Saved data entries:
- - -

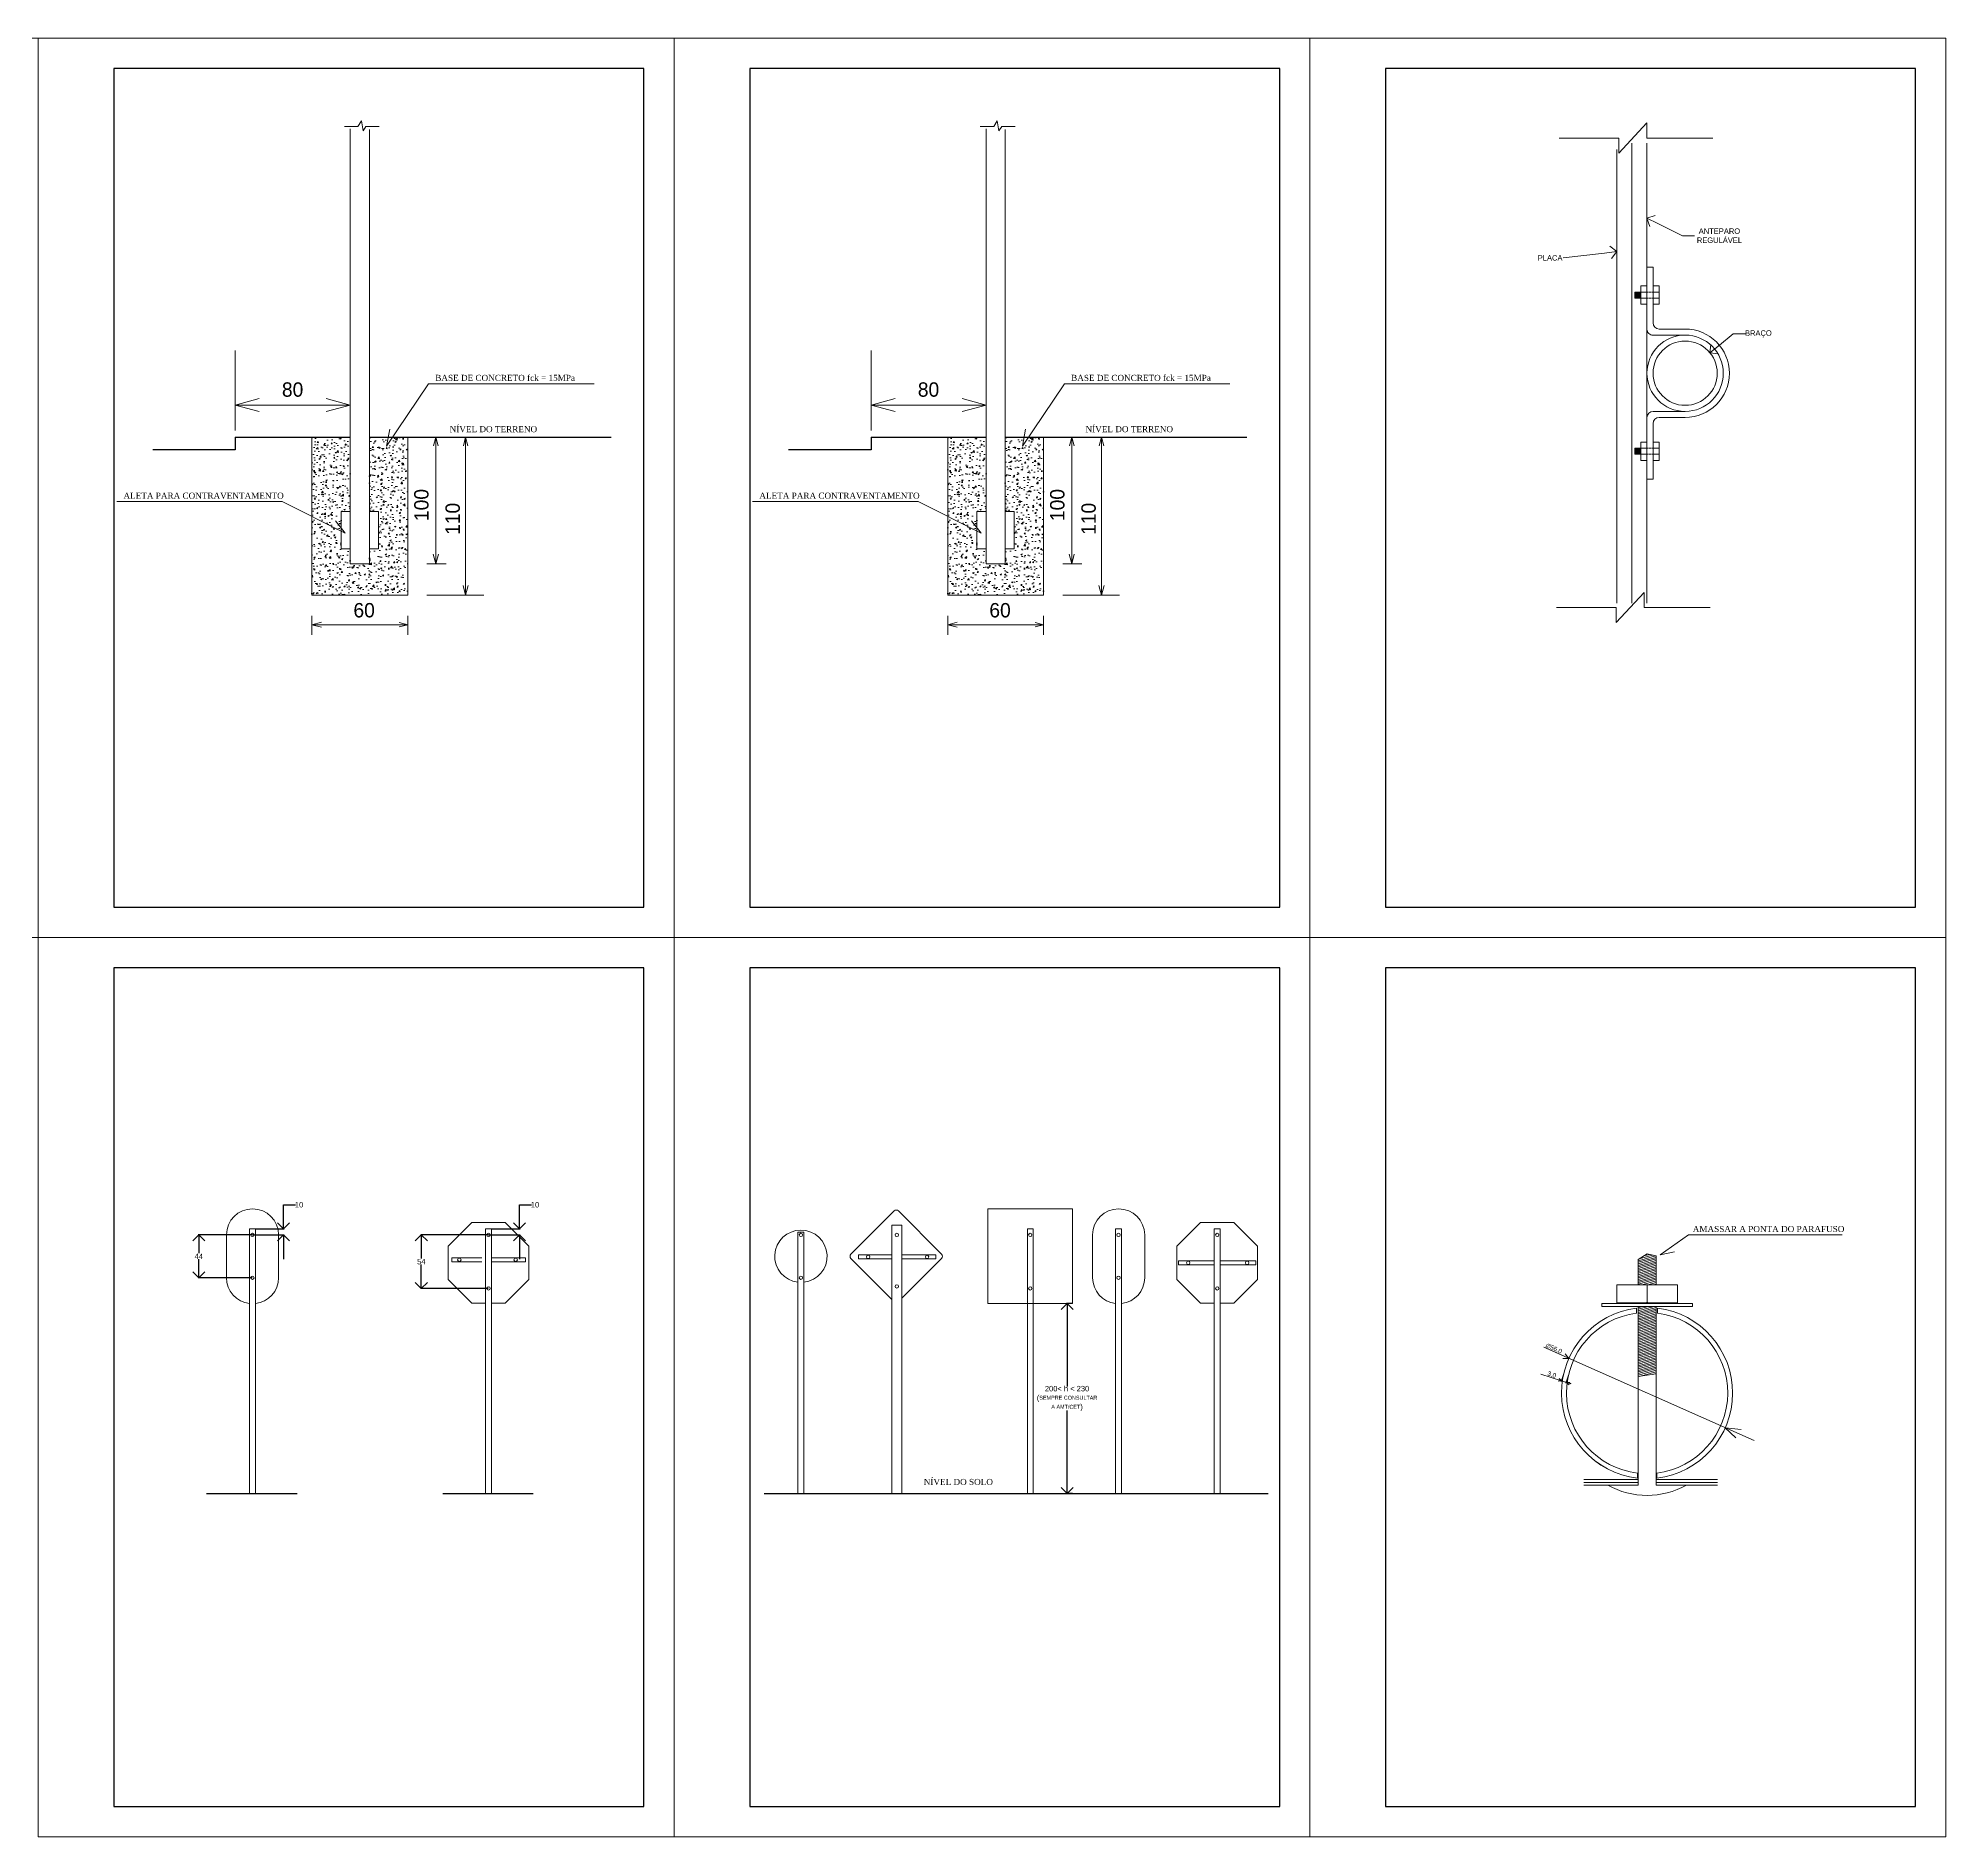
# Model space of a CAD drawing. Extents: x 620 to 1880, y 231 to 825.
# Drawn here: x 1250 to 1880, y 231 to 825 of the extents above; entities that cross this region are included whole.
import ezdxf

# ---------------------------------------------------------------- set-up
doc = ezdxf.new("R2010")
doc.units = 0
doc.header["$MEASUREMENT"] = 0
doc.linetypes.add('DASHED2', pattern=[0.375, 0.25, -0.125])
doc.layers.get('0').update_dxf_attribs({"linetype": 'CONTINUOUS'})
doc.layers.get('Defpoints').update_dxf_attribs({"linetype": 'CONTINUOUS'})
for name, color, linetype, lineweight in [('concreto', 36, 'CONTINUOUS', 13), ('COTAS', 7, 'CONTINUOUS', 9), ('linha', 7, 'CONTINUOUS', 18), ('QUAD', 7, 'CONTINUOUS', 25), ('texto', 1, 'CONTINUOUS', 18)]:
    doc.layers.add(name, color=color, linetype=linetype, lineweight=lineweight)
doc.layers.add('piso', color=127, linetype='CONTINUOUS')
doc.styles.add('STYLE1', font='TIMES.TTF')
doc.dimstyles.get("Standard").update_dxf_attribs({"dimtxt": 1.8, "dimasz": 4, "dimexe": 0.18, "dimexo": 0.0625, "dimgap": 0.09, "dimtad": 0, "dimtih": 1, "dimtoh": 1, "dimzin": 0, "dimdsep": 46, "dimtxsty": 'Standard', "dimblk": 'OPEN90', "dimcen": 0.09, "dimadec": 0, "dimazin": 0, "dimtfac": 1, "dimtofl": 0, "dimtmove": 0, "dimatfit": 3, "dimfxl": 0, "dimtolj": 1, "dimtzin": 0, "dimarcsym": 0})
pattern_1 = [(15, (-1331.6755, -1450.80516), (-0.12940952, 0.48296291), [])]

# ---------------------------------------------------------------- blocks, each defined once
blk = doc.blocks.new('_Open90')
at = {"color": 0, "linetype": 'ByBlock', "lineweight": -2}
for p, q in [((0, 0), (-1, 0)), ((-0.5, 0.5), (0, 0)), ((0, 0), (-0.5, -0.5))]:
    blk.add_line(p, q, dxfattribs=at)
blk = doc.blocks.new('*D26')
at = {"layer": 'COTAS', "color": 0, "lineweight": -2}
for p, q in [((1321.16, 430.06), (1303.35, 430.06)), ((1303.53, 426.06), (1303.53, 423.98)), ((1321.16, 415.91), (1303.35, 415.91)), ((1303.53, 419.91), (1303.53, 422))]:
    blk.add_line(p, q, dxfattribs=at)
at = {"layer": 'Defpoints', "color": 0, "lineweight": 13}
for p in [(1321.22, 430.06), (1303.53, 415.91), (1321.22, 415.91)]:
    blk.add_point(p, dxfattribs=at)
at = {"layer": 'COTAS', "color": 0, "lineweight": -2, "xscale": 4, "yscale": 4, "zscale": 4}
for p, rotation in [((1303.53, 430.06), 90), ((1303.53, 415.91), 270)]:
    blk.add_blockref('_Open90', p, dxfattribs=dict(at, rotation=rotation))
at = {"layer": 'COTAS', "color": 0, "lineweight": 13, "insert": (1303.53, 422.99), "char_height": 1.8, "attachment_point": 5}
blk.add_mtext('\\A1;44', dxfattribs=at)
blk = doc.blocks.new('*D27')
at = {"layer": 'COTAS', "color": 0, "lineweight": -2}
for p, q in [((1409.41, 436.01), (1409.41, 440.01)), ((1409.41, 440.01), (1413.41, 440.01)), ((1399.19, 430.06), (1409.59, 430.06)), ((1400.16, 432.01), (1409.59, 432.01)), ((1409.41, 426.06), (1409.41, 422.06))]:
    blk.add_line(p, q, dxfattribs=at)
at = {"layer": 'Defpoints', "color": 0, "lineweight": 13}
for p in [(1399.13, 430.06), (1400.09, 432.01), (1409.41, 432.01)]:
    blk.add_point(p, dxfattribs=at)
at = {"layer": 'COTAS', "color": 0, "lineweight": -2, "xscale": 4, "yscale": 4, "zscale": 4}
for p, rotation in [((1409.41, 432.01), 270), ((1409.41, 430.06), 90)]:
    blk.add_blockref('_Open90', p, dxfattribs=dict(at, rotation=rotation))
at = {"layer": 'COTAS', "color": 0, "lineweight": 13, "insert": (1414.55, 440.01), "char_height": 1.8, "attachment_point": 5}
blk.add_mtext('\\A1;10', dxfattribs=at)
blk = doc.blocks.new('*D28')
at = {"layer": 'COTAS', "color": 0, "lineweight": -2}
for p, q in [((1399.13, 430.06), (1376.81, 430.06)), ((1376.99, 426.06), (1376.99, 422.21)), ((1376.99, 416.38), (1376.99, 420.23)), ((1399.13, 412.38), (1376.81, 412.38))]:
    blk.add_line(p, q, dxfattribs=at)
at = {"layer": 'Defpoints', "color": 0, "lineweight": 13}
for p in [(1399.19, 430.06), (1376.99, 412.38), (1399.19, 412.38)]:
    blk.add_point(p, dxfattribs=at)
at = {"layer": 'COTAS', "color": 0, "lineweight": -2, "xscale": 4, "yscale": 4, "zscale": 4}
for p, rotation in [((1376.99, 430.06), 90), ((1376.99, 412.38), 270)]:
    blk.add_blockref('_Open90', p, dxfattribs=dict(at, rotation=rotation))
at = {"layer": 'COTAS', "color": 0, "lineweight": 13, "insert": (1376.99, 421.22), "char_height": 1.8, "attachment_point": 5}
blk.add_mtext('\\A1;54', dxfattribs=at)
blk = doc.blocks.new('*D29')
at = {"layer": 'COTAS', "color": 0, "lineweight": -2}
for p, q in [((1331.5, 436.01), (1331.5, 440.01)), ((1331.5, 440.01), (1335.5, 440.01)), ((1321.29, 430.06), (1331.68, 430.06)), ((1322.25, 432.01), (1331.68, 432.01)), ((1331.5, 426.06), (1331.5, 422.06))]:
    blk.add_line(p, q, dxfattribs=at)
at = {"layer": 'Defpoints', "color": 0, "lineweight": 13}
for p in [(1321.22, 430.06), (1322.19, 432.01), (1331.5, 432.01)]:
    blk.add_point(p, dxfattribs=at)
at = {"layer": 'COTAS', "color": 0, "lineweight": -2, "xscale": 4, "yscale": 4, "zscale": 4}
for p, rotation in [((1331.5, 432.01), 270), ((1331.5, 430.06), 90)]:
    blk.add_blockref('_Open90', p, dxfattribs=dict(at, rotation=rotation))
at = {"layer": 'COTAS', "color": 0, "lineweight": 13, "insert": (1336.64, 440.01), "char_height": 1.8, "attachment_point": 5}
blk.add_mtext('\\A1;10', dxfattribs=at)
blk = doc.blocks.new('*D31')
at = {"layer": 'COTAS', "color": 0, "lineweight": -2}
for p, q in [((1592, 407.37), (1590.07, 407.37)), ((1590.25, 403.37), (1590.25, 380.01)), ((1590.25, 348.68), (1590.25, 372.03)), ((1592, 344.68), (1590.07, 344.68))]:
    blk.add_line(p, q, dxfattribs=at)
at = {"layer": 'Defpoints', "color": 0, "lineweight": 13}
for p in [(1592.06, 407.37), (1590.25, 344.68), (1592.06, 344.68)]:
    blk.add_point(p, dxfattribs=at)
at = {"layer": 'COTAS', "color": 0, "lineweight": -2, "xscale": 4, "yscale": 4, "zscale": 4}
for p, rotation in [((1590.25, 407.37), 90), ((1590.25, 344.68), 270)]:
    blk.add_blockref('_Open90', p, dxfattribs=dict(at, rotation=rotation))
at = {"layer": 'COTAS', "color": 0, "lineweight": 13, "insert": (1590.25, 376.02), "char_height": 1.8, "attachment_point": 5}
blk.add_mtext('\\A1;200< h < 230\\P({\\H0.7222x;SEMPRE CONSULTAR\\PA AMT/CET})', dxfattribs=at)
blk = doc.blocks.new('_Open30')
at = {"color": 0, "linetype": 'ByBlock', "lineweight": -2}
for p, q in [((-1, 0.268), (0, 0)), ((0, 0), (-1, -0.268)), ((0, 0), (-1, 0))]:
    blk.add_line(p, q, dxfattribs=at)

msp = doc.modelspace()

# ---------------------------------------------------------------- hatches: boundary and pattern name
at = {"layer": 'concreto', "lineweight": 13}
h = msp.add_hatch(dxfattribs=at)
h.set_pattern_fill('AR-CONC', color=36, scale=0.632882, style=0)
h.set_pattern_definition([(50, (1003.4724, 351.357), (4.53941, -0.397147), [0.47466, -5.221276]), (355, (1003.4724, 351.357), (-0.878132, 4.76049), [0.37973, -4.17702]), (100.4514, (1003.8506, 351.324), (3.66128, 4.36334), [0.4034, -4.437402]), (46.1842, (1003.4724, 352.6227), (6.754376, -1.04754), [0.71199, -7.831915]), (96.6356, (1004.035, 352.5354), (5.91531, 6.16502), [0.6051, -6.6561]), (351.1842, (1003.4724, 352.623), (5.91531, 6.16502), [0.56959, -6.26553]), (21, (1004.1052, 352.3062), (3.777717, -2.548102), [0.47466, -5.221276]), (326, (1004.1052, 352.306), (1.5399, 4.589344), [0.37973, -4.17702]), (71.4514, (1004.42, 352.094), (5.317618, 2.041237), [0.4034, -4.437402]), (37.5, (1003.4724, 351.3569), (0.0769575, 2.1068253), [0, -4.12639, 0, -4.24031, 0, -4.192843]), (7.5, (1003.4724, 351.357), (1.66492, 2.496161), [0, -2.417609, 0, -4.031458, 0, -1.598027]), (327.5, (1002.061, 351.3569), (3.378466, -0.142746), [0, -1.582205, 0, -4.93648, 0, -6.550329]), (317.5, (1001.428, 351.357), (3.69088, 0.633546), [0, -2.056866, 0, -3.278329, 0, -4.651683])])
h.paths.add_polyline_path([(1372.493, 693.461), (1359.835, 693.461), (1359.835, 668.973), (1362.835, 668.973), (1362.835, 659.223), (1372.493, 648.203)])
h.paths.add_polyline_path([(1359.835, 651.709), (1353.507, 651.709), (1353.507, 656.586), (1350.507, 656.586), (1350.507, 668.973), (1353.507, 668.973), (1353.507, 693.461), (1340.849, 693.461), (1340.849, 641.376), (1372.493, 641.376), (1372.493, 648.203), (1362.835, 659.223), (1362.835, 656.586), (1359.835, 656.586)])
h = msp.add_hatch(dxfattribs=at)
h.set_pattern_fill('AR-CONC', color=36, scale=0.632882, style=0)
h.set_pattern_definition([(50, (1213.4724, 351.357), (4.53941, -0.397147), [0.47466, -5.221276]), (355, (1213.4724, 351.357), (-0.878132, 4.76049), [0.37973, -4.17702]), (100.4514, (1213.8506, 351.324), (3.66128, 4.36334), [0.4034, -4.437402]), (46.1842, (1213.4724, 352.6227), (6.754376, -1.04754), [0.71199, -7.831915]), (96.6356, (1214.035, 352.5354), (5.91531, 6.16502), [0.6051, -6.6561]), (351.1842, (1213.4724, 352.623), (5.91531, 6.16502), [0.56959, -6.26553]), (21, (1214.1052, 352.3062), (3.777717, -2.548102), [0.47466, -5.221276]), (326, (1214.1052, 352.306), (1.5399, 4.589344), [0.37973, -4.17702]), (71.4514, (1214.42, 352.094), (5.317618, 2.041237), [0.4034, -4.437402]), (37.5, (1213.4724, 351.3569), (0.0769575, 2.1068253), [0, -4.12639, 0, -4.24031, 0, -4.192843]), (7.5, (1213.4724, 351.357), (1.66492, 2.496161), [0, -2.417609, 0, -4.031458, 0, -1.598027]), (327.5, (1212.061, 351.3569), (3.378466, -0.142746), [0, -1.582205, 0, -4.93648, 0, -6.550329]), (317.5, (1211.428, 351.357), (3.69088, 0.633546), [0, -2.056866, 0, -3.278329, 0, -4.651683])])
h.paths.add_polyline_path([(1582.493, 693.461), (1569.835, 693.461), (1569.835, 668.973), (1572.835, 668.973), (1572.835, 659.223), (1582.493, 648.203)])
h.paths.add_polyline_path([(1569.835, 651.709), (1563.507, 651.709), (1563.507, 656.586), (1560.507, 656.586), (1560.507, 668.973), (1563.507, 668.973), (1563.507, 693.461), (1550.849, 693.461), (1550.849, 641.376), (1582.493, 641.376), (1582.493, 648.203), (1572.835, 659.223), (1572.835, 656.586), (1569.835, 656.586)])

- - -

→ **REQUIRED WORK**
What is needed is a single number: how many lines of the data contain the word "insert".

→ **EXERCISE OUTPUT**
5